5. Values: Disclosing your values is more personal and significant than

sharing your opinions because it reflects matters of importance to you that forms the basis of how you live your life. Sharing your values is a significant step towards developing a deeper personal or professional relationship because it discloses the basis by which you will make choices or decisions.

6. Personal Desires: This level of disclosure involves the discussion of your past, present, and potential aspirations for the future. These desires may be simplistic in nature because it includes materialistic items that meet your i immediate needs or wants. It can also involve a discussion of those yearnings that you may possess such as relationships with those who are emotionally or physically unavailable. Sharing personal desires adds

another level of depth to the relationship and encourages sharing of personal desires by others. Reciprocated sharing of personal desires causes each party to feel let into the other's emotional space building a deeper connection with the relationship.
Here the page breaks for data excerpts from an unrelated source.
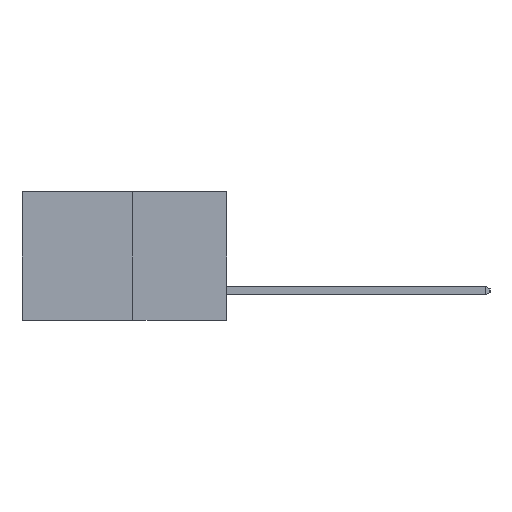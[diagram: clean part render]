
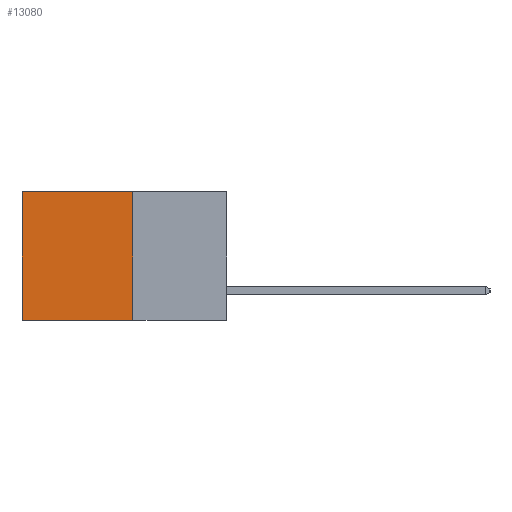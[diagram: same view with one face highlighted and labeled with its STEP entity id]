
A CAD part, left-side view. The second image highlights one B-rep face of the part: STEP entity #13080.
In plain terms, the highlighted planar face has unit normal (-1, 0, 0).
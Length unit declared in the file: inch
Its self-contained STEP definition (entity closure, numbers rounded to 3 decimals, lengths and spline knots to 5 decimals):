
#94 = CARTESIAN_POINT ( 'NONE',  ( 0.277, 0.27, 0. ) ) ;
#238 = VERTEX_POINT ( 'NONE', #8476 ) ;
#749 = CARTESIAN_POINT ( 'NONE',  ( 0.277, 0.59, -0.37 ) ) ;
#752 = DIRECTION ( 'NONE',  ( 0., 0., -1. ) ) ;
#3683 = VECTOR ( 'NONE', #13668, 39.37008 ) ;
#3746 = VECTOR ( 'NONE', #7337, 39.37008 ) ;
#3823 = ORIENTED_EDGE ( 'NONE', *, *, #10077, .T. ) ;
#3986 = LINE ( 'NONE', #11740, #6892 ) ;
#4051 = DIRECTION ( 'NONE',  ( 0., 1., 0. ) ) ;
#4335 = VERTEX_POINT ( 'NONE', #13133 ) ;
#4852 = ORIENTED_EDGE ( 'NONE', *, *, #7418, .F. ) ;
#5151 = VECTOR ( 'NONE', #11615, 39.37008 ) ;
#5552 = VERTEX_POINT ( 'NONE', #12048 ) ;
#5793 = ORIENTED_EDGE ( 'NONE', *, *, #12895, .F. ) ;
#6011 = EDGE_CURVE ( 'NONE', #7652, #238, #3986, .T. ) ;
#6104 = CARTESIAN_POINT ( 'NONE',  ( 0.277, 0.27, -0.37 ) ) ;
#6207 = EDGE_LOOP ( 'NONE', ( #3823, #4852, #5793, #10249 ) ) ;
#6242 = CARTESIAN_POINT ( 'NONE',  ( 0.277, 0.27, -0.37 ) ) ;
#6892 = VECTOR ( 'NONE', #4051, 39.37008 ) ;
#7337 = DIRECTION ( 'NONE',  ( 0., 0., -1. ) ) ;
#7341 = DIRECTION ( 'NONE',  ( 1., 0., 0. ) ) ;
#7418 = EDGE_CURVE ( 'NONE', #5552, #4335, #14226, .T. ) ;
#7652 = VERTEX_POINT ( 'NONE', #94 ) ;
#8476 = CARTESIAN_POINT ( 'NONE',  ( 0.277, 0.59, 0. ) ) ;
#9285 = CARTESIAN_POINT ( 'NONE',  ( 0.277, 0.27, -0.37 ) ) ;
#9586 = AXIS2_PLACEMENT_3D ( 'NONE', #6242, #7341, #752 ) ;
#9921 = LINE ( 'NONE', #9285, #3683 ) ;
#10077 = EDGE_CURVE ( 'NONE', #238, #4335, #12553, .T. ) ;
#10091 = FACE_OUTER_BOUND ( 'NONE', #6207, .T. ) ;
#10249 = ORIENTED_EDGE ( 'NONE', *, *, #6011, .T. ) ;
#11615 = DIRECTION ( 'NONE',  ( 0., 1., 0. ) ) ;
#11740 = CARTESIAN_POINT ( 'NONE',  ( 0.277, 0.27, 0. ) ) ;
#12048 = CARTESIAN_POINT ( 'NONE',  ( 0.277, 0.27, -0.37 ) ) ;
#12553 = LINE ( 'NONE', #749, #3746 ) ;
#12862 = PLANE ( 'NONE',  #9586 ) ;
#12895 = EDGE_CURVE ( 'NONE', #7652, #5552, #9921, .T. ) ;
#13080 = ADVANCED_FACE ( 'NONE', ( #10091 ), #12862, .F. ) ;
#13133 = CARTESIAN_POINT ( 'NONE',  ( 0.277, 0.59, -0.37 ) ) ;
#13668 = DIRECTION ( 'NONE',  ( 0., 0., -1. ) ) ;
#14226 = LINE ( 'NONE', #6104, #5151 ) ;

7. Past Emotions: Disclosing those feelings you have had in the past invites others to understand what was woven together to create the fabric of your life. These past emotions are based on feelings you have experienced with reference to yourself or in past or present relationships. Most people have no problem sharing feel-good emotions due to the low-risk of vulnerability; however, negative emotions can also be relieving and beneficial when sharing with someone who can relate to the emotions or experience. This deeper level of disclosure should be done with caution, first briefly

mentioning the emotional experience and if the person seems willing to listen, proceeding with caution.

8. Current Emotional Experiences: This level of disclosure falls at the very end of the spectrum of information to share because it poses a risk to developing strong personal and professional relationships. Disclosure of those feelings or desires at the current moment is risky because emotions can change just like relationships can change. Sharing this information is a gamble because the reception of information about your current emotional state may vary. This may cause you to feel vulnerable because sharing this information in the past may have caused you to be rejected, shamed, criticized, or ridiculed for being yourself.

Overall, each type of disclosure allows for you to choose the level of information you will share with others. Choosing a standard of disclosure helps you in setting emotional boundaries that will protect you from allowing the wrong people into your emotional space.